Wednesday, May 1, 2013

De-Identification - Data Chemistry

The concept of de-identification is a reoccurring theme in my circles. The use of the term de-identification that I use is the broader term well beyond the constraints of HIPAA. I use the term de-identification to refer to the process of reducing risk of privacy or identity exposure through modifying the data. This includes using pseudonyms, known as pseudonymization; and also includes removing data elements, known as anonymization. Therefore De-Identification is made up of both Pseudonymization and Anonymization.

I am involved in much of the standards work in this space, actively working in IHE on a handbook and ISO on updates to the core standard on the subject. In all of these cases we are trying to make the 'art' of de-identification more measurable, repeatable, and approachable. Too often it is seen as too hard, more often it is seen as simple and thus mistakes are made. The goal I have is to make it clear.

Why De-Identify?

First, one must understand that de-identification is just a method of lowering risk. The only way to get risk to zero is to have zero data. Even one data-element that one might consider to be purely clinical data does narrow down the population. Just to indicate that the weight of the subject is 203lbs will tell you much about the subject, if that value is 3lbs and you know the subject is a premature-baby, and if it is 403lbs it is clear you have limited the population. The first point is that all data are potentially identifiable, some data are less so.

Second, one must recognize that some data are outright Direct Identifiers. These data are in no uncertain terms identifiers. Full-Name is the most obvious. A Direct Identifier is something that is publicly known (knowable), therefore full-addresses, phone numbers, credit-card-numbers, and drivers-license-numbers. These items clearly can't be included in the de-identified data set. So they each need to be identified as a risk to be mitigated.

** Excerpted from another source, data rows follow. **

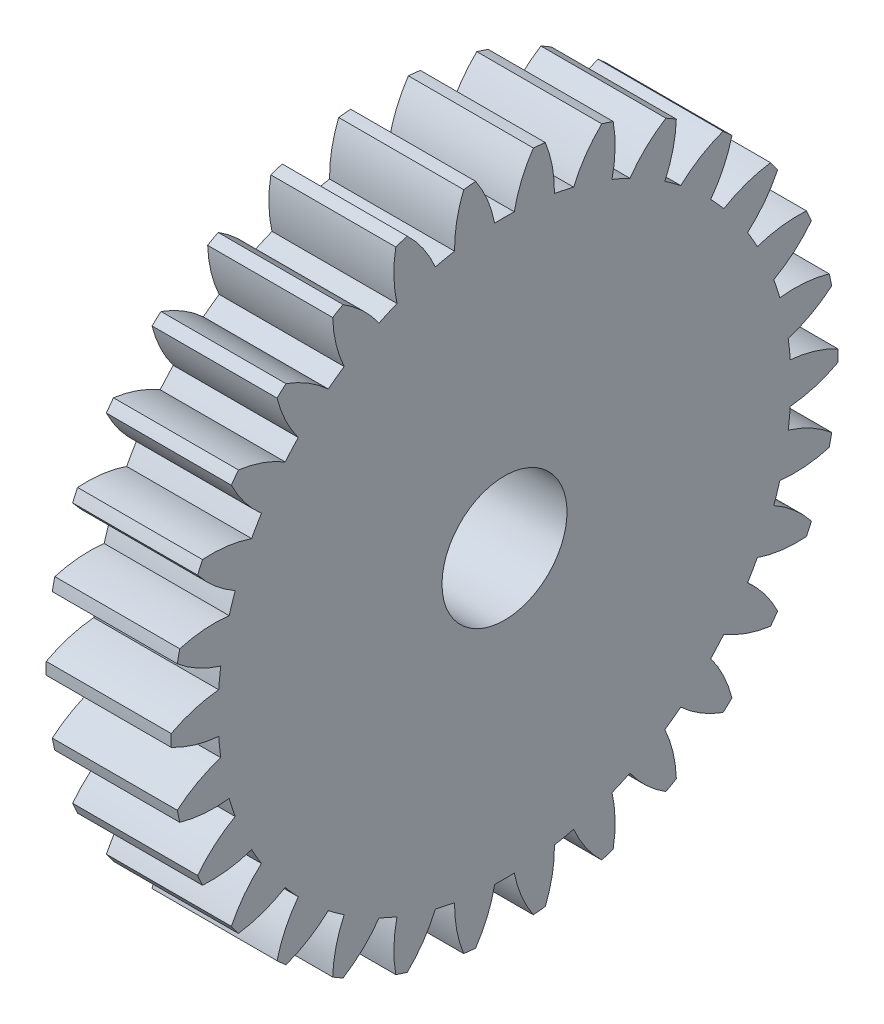
SolidWorks part; units mm, degrees
ref_plane "Plane1" through (0, 0, 0) normal (0, 0, 1) x (1, 0, 0)
ref_plane "Plane2" through (0, 0, 0) normal (0, 1, 0) x (1, 0, 0)
ref_plane "Plane3" through (0, 0, 0) normal (1, 0, 0) x (0, 0, -1)
other "Configuration Table"
sketch "HoldingSke" plane through (0, 0, 0) normal (0, 1, 0) x (1, 0, 0)
  line L0 (0, 0) -> (527.9291, -304.8)
  line L1 (-15, 0) -> (100, 0) construction
  line L2 (0, 0) -> (-2.1039, 2.3779)
  line L3 (0, 0) -> (-11.863, 4.5341)
  line L4 (0, 0) -> (7.479, 4.318)
  line L5 (0, 0) -> (-47.5972, -17.7524)
  line L6 (0, 0) -> (-5.2639, -3.5516)
  line L7 (-2.1039, 2.3779) -> (8.8308, 51.9871)
  line L8 (-76.2, 54.61) -> (-69.596, 54.61)
  line L9 (-71.009, 38.7566) -> (-53.1078, 45.2721)
  line L10 (-76.2, 71.12) -> (104.1128, 71.12)
  line L11 (0, 0) -> (-6.35, 0)
  line L12 (-76.2, 101.6) -> (-76.1573, 101.6)
  line L13 (24.9733, 27.94) -> (52.9518, 28.4284)
  line L14 (24.9733, 27.94) -> (25.0241, 27.9398)
  line L15 (24.9733, 27.94) -> (100.4021, 29.52)
  circle A0 centre (0, 0) radius 3.175
  circle A1 centre (0, 0) radius 14.5542
  circle A2 centre (0, 0) radius 38.1
  circle A3 centre (0, 0) radius 3.175
  dimension "MHD" = 29.1084
  dimension "Hub_dia" = 76.2
  dimension "Bore" = 6.35
  dimension "MBD" = 6.35
  dimension "Num_teeth" = 30
  dimension "Pitch" = 609.6
  dimension "Overall_len" = 50.8
  dimension "Show_teeth" = 30
  dimension "Thickness" = 6.35
  dimension "OAL" = 50.8001
  dimension "T_dim" = 6.604
  dimension "Ap" = 20
  dimension "H" = 19.05
  dimension "Pitch_radius" = 180.3128
  dimension "Width" = 6.35
  dimension "Backlash" = 0.0427
  dimension "Addendum_fac" = 1
  dimension "Dedendum_fac" = 1.2
  dimension "Clearance_fac" = 0.2
  dimension "Dedendum_add" = 0.0508
sketch "BasProSke" plane through (0, 0, 0) normal (0, 1, 0) x (1, 0, 0)
  line L0 (-10, 0) -> (60, 0) construction
  line L1 (0, 0) -> (0, 16.9333)
  line L2 (0, 0) -> (6.35, 0)
  line L3 (6.35, 0) -> (6.35, 16.9333)
  line L4 (6.35, 16.9333) -> (0, 16.9333)
  dimension "Thickness" = 6.35
  dimension "Diameter" = 33.8667
revolve "Base-Revolve" add sketch "BasProSke" angle 360 about L0
sketch "TooCutSke" plane through (0, 0, 0) normal (1, 0, 0) x (0, 0, -1)
  line L1 (0, 0) -> (0, 107) construction
  line L2 (0, 0) -> (-0.9055, 15.8492) construction
  line L3 (0, 0) -> (-3.315, 31.5402) construction
  line L4 (-0.9055, 15.8492) -> (-1.6575, 15.7701) construction
  arc A0 (0.4982, 14.5457) -> (-0.4982, 14.5457) centre (0, 0) ccw
  arc A1 (1.4826, 16.8938) -> (-1.4826, 16.8938) centre (0, 0) ccw
  circle A2 centre (0, 0) radius 15.875 construction
  circle A3 centre (0, 0) radius 14.9176 construction
  arc A4 (-0.4982, 14.5457) -> (-1.4826, 16.8938) centre (-6.7277, 13.3144) ccw
  arc A5 (1.4826, 16.8938) -> (0.4982, 14.5457) centre (6.7277, 13.3144) ccw
  dimension "Root_dia" = 29.1084
  dimension "Overcut_dia" = 33.9175
  dimension "Pitch_dia" = 31.75
  dimension "Base_dia" = 29.8352
  dimension "Flank_rad" = 6.35
  dimension "Half_ang" = 6
  dimension "Half_CT" = 0.7562
extrude "ToothCut" cut sketch "TooCutSke" along normal through all
fillet "Breaks" [suppressed] radius 0.0212
fillet "RootFillets" [suppressed] radius 0.2625
pattern_circular "TeethCuts" count 30 every 12 about axis through (-10, 0, 0) along (1, 0, 0) of "ToothCut", "RootFillets", "Breaks"
sketch "HubNeaOneSke" plane through (0, 0, 0) normal (-1, 0, 0) x (0, 0, 1)
  circle A0 centre (0, 0) radius 14.5542
  dimension "Diameter" = 29.1084
extrude "HubNearOne" [suppressed] add sketch "HubNeaOneSke" along normal blind 44.4501
sketch "HubNeaBotSke" plane through (0, 0, 0) normal (-1, 0, 0) x (0, 0, 1)
  circle A0 centre (0, 0) radius 14.5542
  dimension "Diameter" = 29.1084
extrude "HubNearBoth" [suppressed] add sketch "HubNeaBotSke" along normal blind 22.225
ref_plane "FarPln" through (6.35, 0, 0) normal (1, 0, 0) x (0, 0, -1)
sketch "HubFarSke" plane through (6.35, 0, 0) normal (1, 0, 0) x (0, 0, -1)
  circle A0 centre (0, 0) radius 14.5542
  dimension "Diameter" = 29.1084
extrude "HubFar" [suppressed] add sketch "HubFarSke" along normal blind 22.225
sketch "BorSke" plane through (0, 0, 0) normal (1, 0, 0) x (0, 0, -1)
  circle A0 centre (0, 0) radius 3.175
  dimension "Diameter" = 6.35
extrude "Bore" cut sketch "BorSke" along normal mid plane 101.6001
sketch "KeySke" plane through (0, 0, 0) normal (1, 0, 0) x (0, 0, -1)
  line L0 (-0.127, 0) -> (-0.127, 3.429)
  line L1 (-0.127, 3.429) -> (0.127, 3.429)
  line L2 (0.127, 3.429) -> (0.127, 0)
  line L3 (0, 0) -> (0, 34) construction
  line L4 (-0.127, 0) -> (0.127, 0)
  dimension "Offset" = 3.429
  dimension "Width" = 0.254
extrude "Keyway" [suppressed] cut sketch "KeySke" along normal mid plane 101.6001
pattern_circular "Keyway2" [suppressed] count 2 every 90 about axis through (-10, 0, 0) along (1, 0, 0)
equation "' \"Pitch@HoldingSke\" = 4"
equation "' \"Num_teeth@HoldingSke\" = 12"
equation "' \"Ap@HoldingSke\" =  20"
equation "' \"Ap@HoldingSke\" = 20"
equation "' \"Width@HoldingSke\" = 0.5"
equation "' \"Hub_dia@HoldingSke\"= 1"
equation "' \"Hub_dia@HoldingSke\" = 1"
equation "' \"Overall_len@HoldingSke\" = 1.0"
equation "' \"Bore@HoldingSke\" = 0.75"
equation "' \"T_dim@HoldingSke\" = 0.85"
equation "' \"Width@KeySke\" = 0.25"
equation "' \"Show_teeth@HoldingSke\" = 13"
equation "' \"Backlash@HoldingSke\" = 0.009"
equation "' \"Addendum_fac@HoldingSke\" = 1.0"
equation "' \"Dedendum_fac@HoldingSke\" = 1.25"
equation "' \"Dedendum_add@HoldingSke\" = 0.00005"
equation "' \"Clearance_fac@HoldingSke\" = 0.25"
equation "' \"Pitch@HoldingSke\" = 0.5"
equation "' \"Num_teeth@HoldingSke\" = 23"
equation "' \"Show_teeth@HoldingSke\" = 23"
equation "' \"Backlash@HoldingSke\" = 0.0375"
equation "\"Overcut_dia@TooCutSke\" = (\"Num_teeth@HoldingSke\" + 2 * \"Addendum_fac@HoldingSke\") / \"Pitch@HoldingSke\" + 0.002"
equation "\"Pitch_dia@TooCutSke\" = \"Num_teeth@HoldingSke\" / \"Pitch@HoldingSke\""
equation "\"Base_dia@TooCutSke\" = \"Num_teeth@HoldingSke\" / \"Pitch@HoldingSke\" * cos((\"Ap@HoldingSke\"  * 3.14159265 / 180))"
equation "\"Root_dia@TooCutSke\" = (\"Num_teeth@HoldingSke\" + 2) / \"Pitch@HoldingSke\" - 2 * (\"Addendum_fac@HoldingSke\" + \"Dedendum_fac@HoldingSke\") / \"Pitch@HoldingSke\" - \"Dedendum_add@HoldingSke\" * 2"
equation "\"Half_ang@TooCutSke\" = 180 / \"Num_teeth@HoldingSke\""
equation "\"Half_CT@TooCutSke\" = \"Num_teeth@HoldingSke\" / \"Pitch@HoldingSke\" * sin((3.14159265 / 2 / \"Num_teeth@HoldingSke\")) / 2 - 7 * \"Backlash@HoldingSke\" / 4"
equation "\"Flank_rad@TooCutSke\" = \"Num_teeth@HoldingSke\" / \"Pitch@HoldingSke\" / 5"
equation "\"Radius@RootFillets\" = \"Clearance_fac@HoldingSke\" / \"Pitch@HoldingSke\" + \"Dedendum_add@HoldingSke\""
equation "\"Break_rad@Breaks\" = 0.02 / \"Pitch@HoldingSke\""
equation "\"Thickness@HoldingSke\" = \"Width@HoldingSke\""
equation "\"OAL@HoldingSke\" = \"Thickness@HoldingSke\""
equation "\"MHD@HoldingSke\" = (\"Num_teeth@HoldingSke\" + 2) / \"Pitch@HoldingSke\" - 2 * (\"Addendum_fac@HoldingSke\" + \"Dedendum_fac@HoldingSke\")  / \"Pitch@HoldingSke\" - \"Dedendum_add@HoldingSke\" * 2"
equation "\"MBD@HoldingSke\" = (\"Num_teeth@HoldingSke\" + 2) / \"Pitch@HoldingSke\" - 2 * (\"Addendum_fac@HoldingSke\" + \"Dedendum_fac@HoldingSke\")  / \"Pitch@HoldingSke\" - \"Dedendum_add@HoldingSke\" * 2 - 0.002"
equation "\"MHD@HoldingSke\" = ((sgn( \"MHD@HoldingSke\" - \"Hub_dia@HoldingSke\" )-1)*( \"MHD@HoldingSke\" - \"Hub_dia@HoldingSke\" ))/-2+ \"Hub_dia@HoldingSke\""
equation "\"MBD@HoldingSke\" = ((sgn( \"MBD@HoldingSke\" - \"Bore@HoldingSke\" )-1)*( \"MBD@HoldingSke\" - \"Bore@HoldingSke\" ))/-2+ \"Bore@HoldingSke\""
equation "\"OAL@HoldingSke\" = ((sgn( \"OAL@HoldingSke\" - \"Overall_len@HoldingSke\" )+1)*( \"OAL@HoldingSke\" - \"Overall_len@HoldingSke\" ))/2 + \"Overall_len@HoldingSke\" + 0.000002"
equation "\"Num_teeth@TeethCuts\" = int( \"Show_teeth@HoldingSke\" ) + 1"
equation "\"Num_teeth@TeethCuts\" = ((sgn( \"Num_teeth@TeethCuts\" - \"Num_teeth@HoldingSke\" )-1)*( \"Num_teeth@TeethCuts\" - \"Num_teeth@HoldingSke\" ))/-2+ \"Num_teeth@HoldingSke\""
equation "\"Num_teeth@TeethCuts\" = ((sgn( \"Num_teeth@TeethCuts\" - 2.0)+1)*( \"Num_teeth@TeethCuts\" - 2.0))/2 +2.0"
equation "\"Angle@TeethCuts\" = 360.0 / \"Num_teeth@HoldingSke\""
equation "\"Diameter@BasProSke\" = (\"Num_teeth@HoldingSke\" + 2 * \"Addendum_fac@HoldingSke\") / \"Pitch@HoldingSke\""
equation "\"Thickness@BasProSke\"  = \"Thickness@HoldingSke\""
equation "' \"Fillet_rad@BasProSke\" =  \"Thickness@HoldingSke\" * 0.05"
equation "' \"Fillet_rad@BasProSke\" = \"Thickness@HoldingSke\" * 0.05"
equation "\"MHD@HoldingSke\" = ((sgn( \"MHD@HoldingSke\" - \"Root_dia@TooCutSke\" )-1)*( \"MHD@HoldingSke\" - \"Root_dia@TooCutSke\" ))/-2+ \"Root_dia@TooCutSke\""
equation "\"Diameter@HubNeaOneSke\" = \"MHD@HoldingSke\""
equation "\"Length@HubNearOne\" = \"OAL@HoldingSke\" - \"Thickness@BasProSke\""
equation "\"Diameter@HubNeaBotSke\" = \"MHD@HoldingSke\""
equation "\"Length@HubNearBoth\" = ( \"OAL@HoldingSke\" - \"Thickness@BasProSke\" ) / 2.0"
equation "\"Thickness@FarPln\" = \"Thickness@BasProSke\""
equation "\"Diameter@HubFarSke\" = \"MHD@HoldingSke\""
equation "\"Length@HubFar\" = ( \"OAL@HoldingSke\" - \"Thickness@BasProSke\" ) / 2.0"
equation "\"Diameter@BorSke\" = \"MBD@HoldingSke\""
equation "\"D1@Bore\" = \"OAL@HoldingSke\" * 2.0"
equation "\"D1@Keyway\" = \"OAL@HoldingSke\" * 2.0"
equation "\"Offset@KeySke\" = \"T_dim@HoldingSke\" - \"MBD@HoldingSke\" / 2.0"

There are also a class of data that can be used in combination with other data in the data-set to identify a subject. Such as postal-codes, sex, date-of-birth, hospital identifier, or date-of-procedure. These are risky to be left in, so they need to be identified as potential to be mitigated.

The task of De-Identification is much like chemistry, bio-chemistry sometimes. One must understand the elements and how they interact. One must use various tools to separate or modify the elements. Each chemical process results in something useful for the purpose it was created. Some combinations of chemicals are very volitile, others benign, but all must be given respect.

De-Identification Procedure

The procedure is simple. Ill include only the high-level, each step is more involved than I indicate here.:
  1. Identify what it is you want to do with data. This is your use-case. What are critical data attributes, and what are acceptable tolerances for each data attribute. You need to justify each element you want. You must also identify the acceptable level of risk, which includes assessment of the authorizations you have.
  2. Identify ALL of the data elements that you have. This is the data set that has not been de-identified. It might be a database, it might be a stream. You must identify all of the data, not just the data you are worried about. You then classify each attribute: Direct, Indirect, or simple data. Note that any unstructured data, otherwise known as free-text, must be considered Direct Identifier. 
  3. Apply Mitigations, in theory. Given the use-case details you created in (1) and the data-element inventory you created in (2); apply the de-identification tools. (a) Redact - delete element, (b) Fuzz - modify within tolerance, (c) generalize - broader terms, or (d) replace - pseudonym. These are clearly not all the tools but the large categories of tools.
  4. Assess risk, in theory. How correlated are the data to a subject? Is this level of risk acceptable to the policy identified in (1)? Don't change your policy, that is the easy way out. Continue to apply mitigations. If further mitigations results in data that are not useful to your use-case, then you might need to change something else. 
  5. Apply Mitigations to data-set and validate the results. As with any design-of-experiments one must be able to prove your theory. Is the resulting data just as de-identified as you expected? Is the resulting data useful for your use-case?
However well you have de-identified, recognize that there is residual risk that needs to be managed. This risk is often significant  thus requiring good security practices. Just because you think your data are de-identified, does not mean you don't need to protect it. Attacks against de-identified data only get better, they never get worse.

De-Identification is Contextual

I have said exactly this (De-Identification is highly contextual) before. the de-identification algorithm you  come up with will not be useful to a different use-case, or a different data-set. It might be, but the assessment needs to be made. The context behind the needs of the use-case are critical. Take only the data, and the fidelity of the data that you need. 

Gross De-identification

There are use-cases for doing a gross de-identification into a large data set, followed by secondary use-cases with their own further de-identification analysis. This is often done in population-health analysis, using gross de-identification to fill the population database. While re-assessing results of any sub-analysis of a specific population health epidemic. Clearly the large database needs to be protected quite strongly, I might say it needs to be protected just as well as a full fidelity database.


De-Identification is a technical tool. It is not a get-out-of-jail card. The resulting data set likely still requires some protection and safe handling.